Work item
Your answer should hold every line of the records below that contains the string "miche".

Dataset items
____________

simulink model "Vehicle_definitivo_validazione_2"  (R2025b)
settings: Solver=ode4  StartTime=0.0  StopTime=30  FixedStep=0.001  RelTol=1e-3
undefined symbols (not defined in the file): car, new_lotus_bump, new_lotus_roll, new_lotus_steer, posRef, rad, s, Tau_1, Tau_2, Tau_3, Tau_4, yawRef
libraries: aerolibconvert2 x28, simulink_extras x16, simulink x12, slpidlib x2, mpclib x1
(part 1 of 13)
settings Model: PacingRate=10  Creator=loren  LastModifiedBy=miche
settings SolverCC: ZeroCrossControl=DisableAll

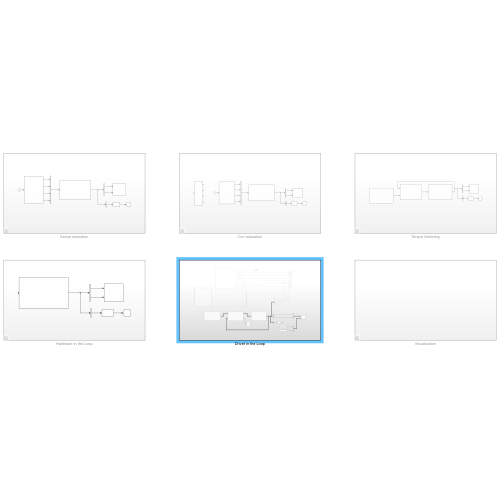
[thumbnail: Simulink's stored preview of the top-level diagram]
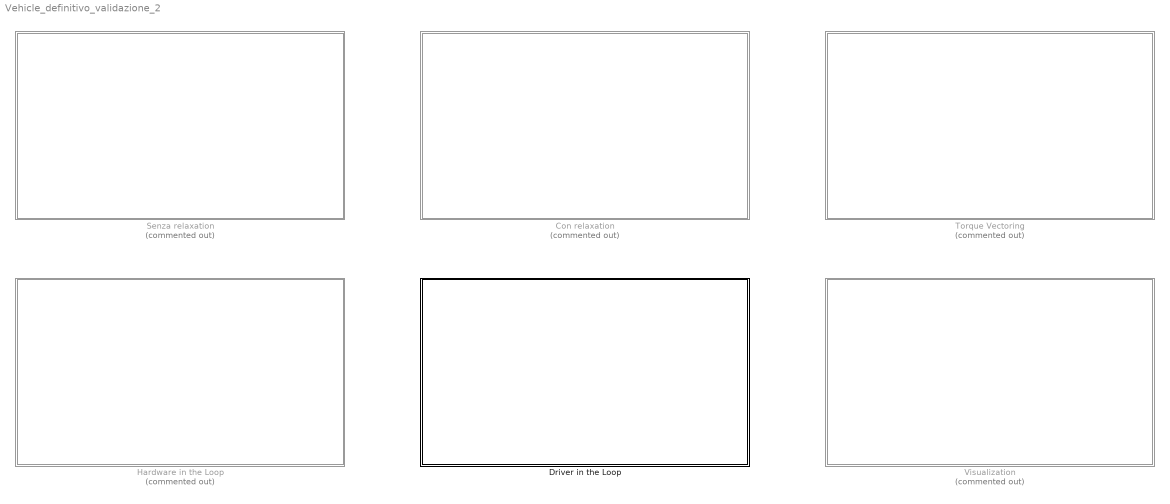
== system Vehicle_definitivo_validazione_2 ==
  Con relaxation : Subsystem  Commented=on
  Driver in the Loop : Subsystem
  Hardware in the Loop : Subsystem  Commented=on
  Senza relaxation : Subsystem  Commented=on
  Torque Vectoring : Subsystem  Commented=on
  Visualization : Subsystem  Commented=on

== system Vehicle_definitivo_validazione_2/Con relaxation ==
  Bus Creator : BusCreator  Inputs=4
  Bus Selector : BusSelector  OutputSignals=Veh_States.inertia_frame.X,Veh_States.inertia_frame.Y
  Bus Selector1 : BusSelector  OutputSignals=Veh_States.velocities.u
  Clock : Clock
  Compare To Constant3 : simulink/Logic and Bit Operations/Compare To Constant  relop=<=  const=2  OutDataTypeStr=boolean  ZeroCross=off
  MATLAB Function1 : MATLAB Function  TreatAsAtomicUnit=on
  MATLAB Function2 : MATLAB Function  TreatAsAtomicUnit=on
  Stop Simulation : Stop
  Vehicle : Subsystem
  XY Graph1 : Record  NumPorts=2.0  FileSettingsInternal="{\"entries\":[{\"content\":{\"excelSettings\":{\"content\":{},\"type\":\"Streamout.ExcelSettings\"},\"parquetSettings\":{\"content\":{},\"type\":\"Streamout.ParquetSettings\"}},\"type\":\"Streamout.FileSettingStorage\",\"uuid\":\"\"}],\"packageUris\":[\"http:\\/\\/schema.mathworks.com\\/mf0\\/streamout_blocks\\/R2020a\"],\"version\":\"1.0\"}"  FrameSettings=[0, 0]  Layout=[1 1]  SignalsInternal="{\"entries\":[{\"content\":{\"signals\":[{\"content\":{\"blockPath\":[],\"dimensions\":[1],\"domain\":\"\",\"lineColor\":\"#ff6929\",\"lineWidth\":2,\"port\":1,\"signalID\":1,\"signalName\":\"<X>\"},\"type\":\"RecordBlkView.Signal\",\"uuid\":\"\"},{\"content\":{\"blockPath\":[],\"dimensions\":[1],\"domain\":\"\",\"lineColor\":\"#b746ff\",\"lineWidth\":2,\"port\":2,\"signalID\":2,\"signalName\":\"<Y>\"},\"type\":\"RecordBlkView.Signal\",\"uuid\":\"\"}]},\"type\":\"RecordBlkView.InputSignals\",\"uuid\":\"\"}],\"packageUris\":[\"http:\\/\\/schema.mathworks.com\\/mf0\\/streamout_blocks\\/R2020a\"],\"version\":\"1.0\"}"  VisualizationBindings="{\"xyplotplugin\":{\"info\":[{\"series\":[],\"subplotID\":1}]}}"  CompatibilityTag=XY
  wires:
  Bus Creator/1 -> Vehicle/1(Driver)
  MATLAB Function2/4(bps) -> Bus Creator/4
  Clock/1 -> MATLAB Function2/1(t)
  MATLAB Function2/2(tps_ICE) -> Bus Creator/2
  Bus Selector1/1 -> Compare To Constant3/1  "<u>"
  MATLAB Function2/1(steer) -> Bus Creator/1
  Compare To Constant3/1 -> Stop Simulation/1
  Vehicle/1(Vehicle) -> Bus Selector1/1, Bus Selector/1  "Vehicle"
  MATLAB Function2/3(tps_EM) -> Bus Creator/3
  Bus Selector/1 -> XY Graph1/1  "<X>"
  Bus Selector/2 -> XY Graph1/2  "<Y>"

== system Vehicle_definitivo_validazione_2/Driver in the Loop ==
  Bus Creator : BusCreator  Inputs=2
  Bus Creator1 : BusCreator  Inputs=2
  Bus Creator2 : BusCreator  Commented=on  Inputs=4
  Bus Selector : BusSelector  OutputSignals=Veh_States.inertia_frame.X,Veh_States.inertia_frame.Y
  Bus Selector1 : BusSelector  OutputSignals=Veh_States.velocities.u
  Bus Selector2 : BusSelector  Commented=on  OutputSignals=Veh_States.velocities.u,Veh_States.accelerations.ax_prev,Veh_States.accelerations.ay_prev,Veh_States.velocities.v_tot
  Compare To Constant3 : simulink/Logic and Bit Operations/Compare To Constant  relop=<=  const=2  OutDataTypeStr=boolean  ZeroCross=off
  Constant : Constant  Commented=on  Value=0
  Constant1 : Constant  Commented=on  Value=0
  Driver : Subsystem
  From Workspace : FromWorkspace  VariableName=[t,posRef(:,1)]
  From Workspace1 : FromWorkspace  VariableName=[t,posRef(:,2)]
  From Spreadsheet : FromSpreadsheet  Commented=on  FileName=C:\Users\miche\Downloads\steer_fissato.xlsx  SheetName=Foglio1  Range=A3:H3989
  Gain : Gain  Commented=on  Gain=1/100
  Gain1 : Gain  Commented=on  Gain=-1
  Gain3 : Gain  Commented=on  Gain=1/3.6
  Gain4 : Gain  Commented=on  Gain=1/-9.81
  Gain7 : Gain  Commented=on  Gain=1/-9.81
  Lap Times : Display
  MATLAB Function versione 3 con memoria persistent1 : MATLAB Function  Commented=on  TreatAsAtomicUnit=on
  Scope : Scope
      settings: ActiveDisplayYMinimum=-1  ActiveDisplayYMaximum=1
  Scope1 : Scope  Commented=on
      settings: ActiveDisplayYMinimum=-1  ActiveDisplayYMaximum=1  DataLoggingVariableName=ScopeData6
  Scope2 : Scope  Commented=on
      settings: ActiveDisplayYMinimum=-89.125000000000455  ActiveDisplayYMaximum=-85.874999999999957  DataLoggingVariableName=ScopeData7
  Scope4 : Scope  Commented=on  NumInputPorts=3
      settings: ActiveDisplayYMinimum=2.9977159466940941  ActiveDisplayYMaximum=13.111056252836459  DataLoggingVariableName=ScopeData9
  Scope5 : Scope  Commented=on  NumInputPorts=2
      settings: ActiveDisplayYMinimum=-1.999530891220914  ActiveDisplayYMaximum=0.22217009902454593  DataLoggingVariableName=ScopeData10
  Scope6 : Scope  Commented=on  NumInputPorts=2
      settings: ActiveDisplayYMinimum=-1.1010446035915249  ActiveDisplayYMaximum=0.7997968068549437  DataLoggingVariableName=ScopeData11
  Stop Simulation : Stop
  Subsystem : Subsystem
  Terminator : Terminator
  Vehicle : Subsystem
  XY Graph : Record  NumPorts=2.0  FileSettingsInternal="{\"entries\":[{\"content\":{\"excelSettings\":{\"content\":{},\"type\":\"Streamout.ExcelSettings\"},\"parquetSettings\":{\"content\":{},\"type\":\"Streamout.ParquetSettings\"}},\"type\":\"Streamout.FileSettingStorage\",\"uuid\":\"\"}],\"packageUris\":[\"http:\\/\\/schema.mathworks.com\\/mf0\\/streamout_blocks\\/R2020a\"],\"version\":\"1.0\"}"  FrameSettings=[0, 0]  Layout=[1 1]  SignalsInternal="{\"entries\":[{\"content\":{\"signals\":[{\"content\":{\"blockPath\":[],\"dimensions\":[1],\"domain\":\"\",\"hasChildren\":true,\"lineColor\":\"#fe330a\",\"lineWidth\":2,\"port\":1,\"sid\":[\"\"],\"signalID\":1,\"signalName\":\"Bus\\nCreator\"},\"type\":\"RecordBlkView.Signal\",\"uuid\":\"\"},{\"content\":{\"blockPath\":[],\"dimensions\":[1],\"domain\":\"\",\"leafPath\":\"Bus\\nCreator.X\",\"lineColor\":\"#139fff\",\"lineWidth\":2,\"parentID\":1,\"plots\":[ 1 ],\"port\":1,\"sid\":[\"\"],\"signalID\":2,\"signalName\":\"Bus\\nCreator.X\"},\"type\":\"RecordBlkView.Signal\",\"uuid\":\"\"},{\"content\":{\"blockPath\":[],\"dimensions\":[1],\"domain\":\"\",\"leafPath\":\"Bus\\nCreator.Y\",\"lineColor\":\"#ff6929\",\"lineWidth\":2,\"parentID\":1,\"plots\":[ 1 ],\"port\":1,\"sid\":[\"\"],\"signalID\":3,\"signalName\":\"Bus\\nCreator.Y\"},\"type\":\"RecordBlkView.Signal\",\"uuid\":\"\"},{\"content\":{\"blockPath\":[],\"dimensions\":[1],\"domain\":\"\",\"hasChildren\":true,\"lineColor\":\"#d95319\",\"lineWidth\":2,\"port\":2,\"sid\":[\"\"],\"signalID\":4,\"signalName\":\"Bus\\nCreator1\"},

____________

Answer space
settings Model: PacingRate=10  Creator=loren  LastModifiedBy=miche
  From Spreadsheet : FromSpreadsheet  Commented=on  FileName=C:\Users\miche\Downloads\steer_fissato.xlsx  SheetName=Foglio1  Range=A3:H3989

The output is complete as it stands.